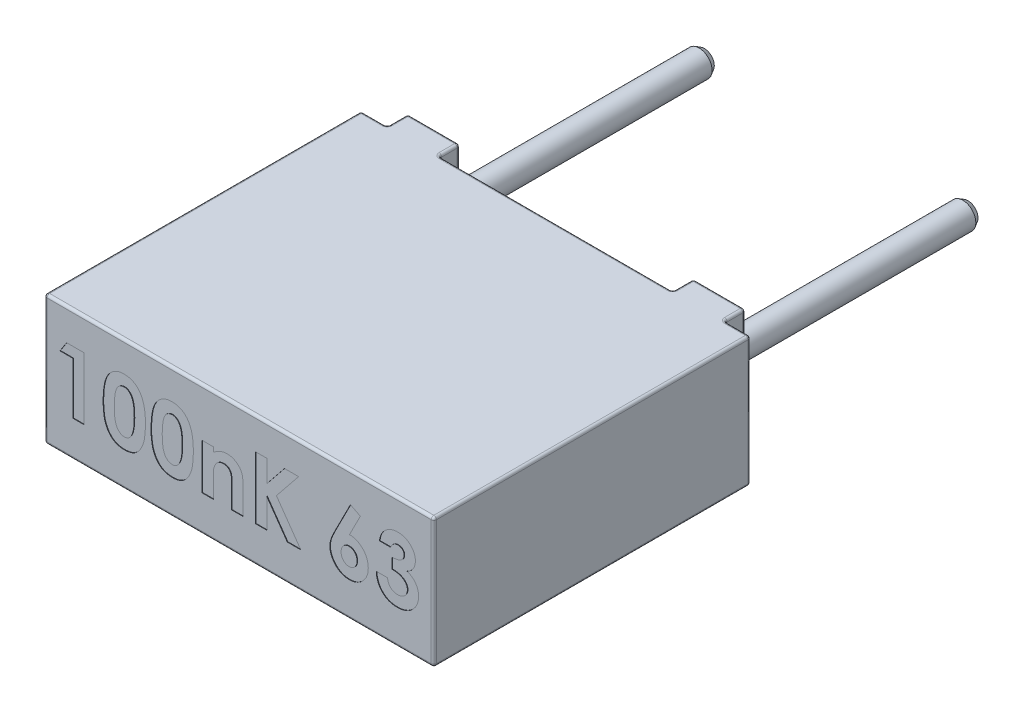
from build123d import *

# Parameters (mm, degrees)
CROQUIS1_W                = 7.5
CROQUIS1_H                = 2.5
SALIENTE_EXTRUIR1_DEPTH   = 6.5
CROQUIS2_W                = 0.5
CROQUIS2_H                = 0.4
CROQUIS2_W_2              = 4.5
CORTAR_EXTRUIR1_DEPTH     = 8.90964601
REDONDEO1_R               = 0.05
CROQUIS3_R                = 0.25
SALIENTE_EXTRUIR2_DEPTH   = 5
SALIENTE_EXTRUIR2_2_DEPTH = 5
CHAFL_N1_SIZE             = 0.1
CHAFL_N1_SIZE2            = 0.057735027
CHAFL_N2_SIZE             = 0.1
CHAFL_N2_SIZE2            = 0.057735027
CORTAR_EXTRUIR2_DEPTH     = 0.01


with BuildPart() as part:
    # Croquis1 → Saliente-Extruir1 (new body)
    with BuildSketch(Plane.XY):
        Rectangle(CROQUIS1_W, CROQUIS1_H)
    extrude(amount=SALIENTE_EXTRUIR1_DEPTH)

    # Croquis2 → Cortar-Extruir1 (cut, through all)
    with BuildSketch(Plane.XZ.offset(1.25)):
        with Locations((-3.5, 0.2)):
            Rectangle(CROQUIS2_W, CROQUIS2_H)
        with Locations((0, 0.2)):
            Rectangle(CROQUIS2_W_2, CROQUIS2_H)
        with Locations((3.5, 0.2)):
            Rectangle(CROQUIS2_W, CROQUIS2_H)
    extrude(amount=-CORTAR_EXTRUIR1_DEPTH, mode=Mode.SUBTRACT)

    # Redondeo1
    redondeo1_edges = [part.edges().sort_by_distance(p)[0] for p in [
        (-3.75, 0, 6.5),
        (0, -1.25, 6.5),
        (-2.75, -1.25, 0),
        (2.75, -1.25, 0),
        (2.75, 1.25, 0),
        (-2.75, 1.25, 0),
        (-3.5, 1.25, 0.4),
        (-3.75, 0, 0.4),
        (-3.25, 1.25, 0.2),
        (-3.25, 0, 0.4),
        (-3.25, 0, 0),
        (-3.25, -1.25, 0.2),
        (-3.5, -1.25, 0.4),
        (3.5, 1.25, 0.4),
        (3.25, 0, 0.4),
        (3.75, 0, 0.4),
        (3.25, 1.25, 0.2),
        (3.25, 0, 0),
        (3.5, -1.25, 0.4),
        (3.25, -1.25, 0.2),
        (-2.25, 1.25, 0.2),
        (-2.25, 0, 0),
        (0, 1.25, 0.4),
        (-2.25, 0, 0.4),
        (2.25, 1.25, 0.2),
        (2.25, 0, 0.4),
        (2.25, 0, 0),
        (-2.25, -1.25, 0.2),
        (3.75, 0, 6.5),
        (2.25, -1.25, 0.2),
        (0, -1.25, 0.4),
        (0, 1.25, 6.5),
        (3.75, -1.25, 3.45),
        (-3.75, -1.25, 3.45),
        (-3.75, 1.25, 3.45),
        (3.75, 1.25, 3.45),
    ]]
    fillet(redondeo1_edges, radius=REDONDEO1_R)

    # Croquis4 → Cortar-Extruir2 (cut)
    # profile 1 of 7: a face of its own
    with BuildSketch(Plane.XY.offset(6.5)):
        Polygon((-3.322811011, 0.642041721), (-2.989878319, 0.642041721), (-2.989878319, -0.557958279), (-3.205262934, -0.557958279), (-3.205262934, 0.442041721), (-3.45141678, 0.442041721), align=None)
    # profile 2 of 7: a face of its own
    with BuildSketch(Plane.XY.offset(6.5)):
        with BuildLine():
            add(Edge.make_bspline(
                [(-2.216561011, 0.672810952), (-2.206135502, 0.672656182), (-2.185636165, 0.672351864), (-2.1554445, 0.669055847), (-2.12636158, 0.664076485), (-2.098273628, 0.657132012), (-2.071382824, 0.647941249), (-2.045493451, 0.636940063), (-2.020913667, 0.62355142), (-1.997330003, 0.60842826), (-1.974751542, 0.591306698), (-1.953720942, 0.571787234), (-1.933854139, 0.550319011), (-1.915581177, 0.526577468), (-1.898497395, 0.50077856), (-1.882658927, 0.472918195), (-1.868187022, 0.442860016), (-1.854919483, 0.41054978), (-1.843055608, 0.375503172), (-1.833062681, 0.337318191), (-1.824492074, 0.295986116), (-1.817257877, 0.251404067), (-1.811789993, 0.203512783), (-1.808104529, 0.15234408), (-1.805575389, 0.097996605), (-1.805368979, 0.060714683), (-1.805262934, 0.041560952)],
                knots=[0, 0, 0, 0, 0.879237366, 1.728815576, 2.559023295, 3.367336655, 4.166867292, 4.954216142, 5.737608147, 6.525189134, 7.316157332, 8.124696809, 8.942788509, 9.781158001, 10.649253743, 11.551476218, 12.482711956, 13.461909668, 14.496590415, 15.601789533, 16.789733467, 18.056700938, 19.410929216, 20.8549011, 22.384193279, 24, 24, 24, 24], degree=3))
            add(Edge.make_bspline(
                [(-1.805262934, 0.041560952), (-1.80537754, 0.022167585), (-1.805600215, -0.015513377), (-1.807999392, -0.070357942), (-1.812130887, -0.12189816), (-1.817455857, -0.170128699), (-1.824749608, -0.21502409), (-1.833291604, -0.25670058), (-1.843442267, -0.295143064), (-1.855696934, -0.330264922), (-1.868884164, -0.362631902), (-1.883395657, -0.392631474), (-1.898978478, -0.420344896), (-1.915275204, -0.44619026), (-1.933179284, -0.46940566), (-1.951819273, -0.490780541), (-1.972006792, -0.509500704), (-1.992891867, -0.526530905), (-2.015239603, -0.541248416), (-2.038819533, -0.554120108), (-2.064052048, -0.564560579), (-2.090477201, -0.573641144), (-2.118545414, -0.580160009), (-2.147810687, -0.585332515), (-2.178603419, -0.588191158), (-2.199568351, -0.588545792), (-2.210311011, -0.58872751)],
                knots=[0, 0, 0, 0, 1.643780988, 3.193836972, 4.651895693, 6.025988579, 7.305620092, 8.505800249, 9.631074763, 10.672816429, 11.65661981, 12.592235626, 13.49536222, 14.350718032, 15.179365177, 15.97804903, 16.751647189, 17.51006938, 18.259804725, 19.016521909, 19.783502495, 20.571750527, 21.382245291, 22.22305063, 23.089471752, 24, 24, 24, 24], degree=3))
            add(Edge.make_bspline(
                [(-2.210311011, -0.58872751), (-2.221053381, -0.588542287), (-2.242097526, -0.588179437), (-2.272973525, -0.58535377), (-2.30239389, -0.580139055), (-2.330684167, -0.573591097), (-2.357647462, -0.564580671), (-2.383413063, -0.553827828), (-2.407782853, -0.541036449), (-2.430824311, -0.526284648), (-2.452458765, -0.509368392), (-2.473022415, -0.49046862), (-2.492469772, -0.469633239), (-2.510504995, -0.446628874), (-2.527423447, -0.421762586), (-2.543048697, -0.394750414), (-2.557371354, -0.365631687), (-2.570839433, -0.334365816), (-2.582541488, -0.300279684), (-2.592955775, -0.263068905), (-2.601486884, -0.222423296), (-2.608348173, -0.178355917), (-2.613826223, -0.130960124), (-2.617901262, -0.080213043), (-2.620313764, -0.026091035), (-2.620534105, 0.011109717), (-2.62064755, 0.030262875)],
                knots=[0, 0, 0, 0, 0.917216111, 1.796812873, 2.643793957, 3.46689424, 4.273913431, 5.068098542, 5.848489301, 6.620921603, 7.401012384, 8.190319798, 9.003608147, 9.831726257, 10.68377682, 11.569763213, 12.493818149, 13.453288342, 14.474581811, 15.568529029, 16.750744269, 18.018426408, 19.375425659, 20.823733699, 22.36466933, 24, 24, 24, 24], degree=3))
            add(Edge.make_bspline(
                [(-2.62064755, 0.030262875), (-2.620442056, 0.05687468), (-2.620045552, 0.108222501), (-2.615020768, 0.182405173), (-2.607645659, 0.250974203), (-2.596813372, 0.313814892), (-2.583419398, 0.371159983), (-2.566267717, 0.422631717), (-2.546741776, 0.468942321), (-2.530103166, 0.496377002), (-2.522089857, 0.509589798)],
                knots=[0, 0, 0, 0, 1.288568992, 2.486310467, 3.599230591, 4.627010532, 5.572937695, 6.447898582, 7.252493626, 8, 8, 8, 8], degree=3))
            add(Edge.make_bspline(
                [(-2.522089857, 0.509589798), (-2.512772364, 0.522570044), (-2.494554829, 0.547948983), (-2.462700959, 0.581266786), (-2.428478124, 0.609761803), (-2.391183404, 0.632789165), (-2.351406633, 0.650948545), (-2.308806306, 0.663774311), (-2.26353974, 0.6712472), (-2.232454433, 0.672281917), (-2.216561011, 0.672810952)],
                knots=[0, 0, 0, 0, 1.058512271, 2.069600068, 3.047294572, 4.004278952, 4.967380941, 5.939006123, 6.946246673, 8, 8, 8, 8], degree=3))
        make_face()
        with BuildLine():
            add(Edge.make_bspline(
                [(-2.21127255, 0.457426336), (-2.220697297, 0.456979622), (-2.239174803, 0.456103825), (-2.265986546, 0.448669543), (-2.291268346, 0.437186894), (-2.310499535, 0.423369322), (-2.324893889, 0.410123521), (-2.334951328, 0.398136503), (-2.344650142, 0.384759854), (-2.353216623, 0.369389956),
........
» **EXERCISE DIRECTIONS**: Among these entries, how many lines include the string "part"? Reply with the number by itself.

» **ANSWER TO THIS EXERCISE**: 2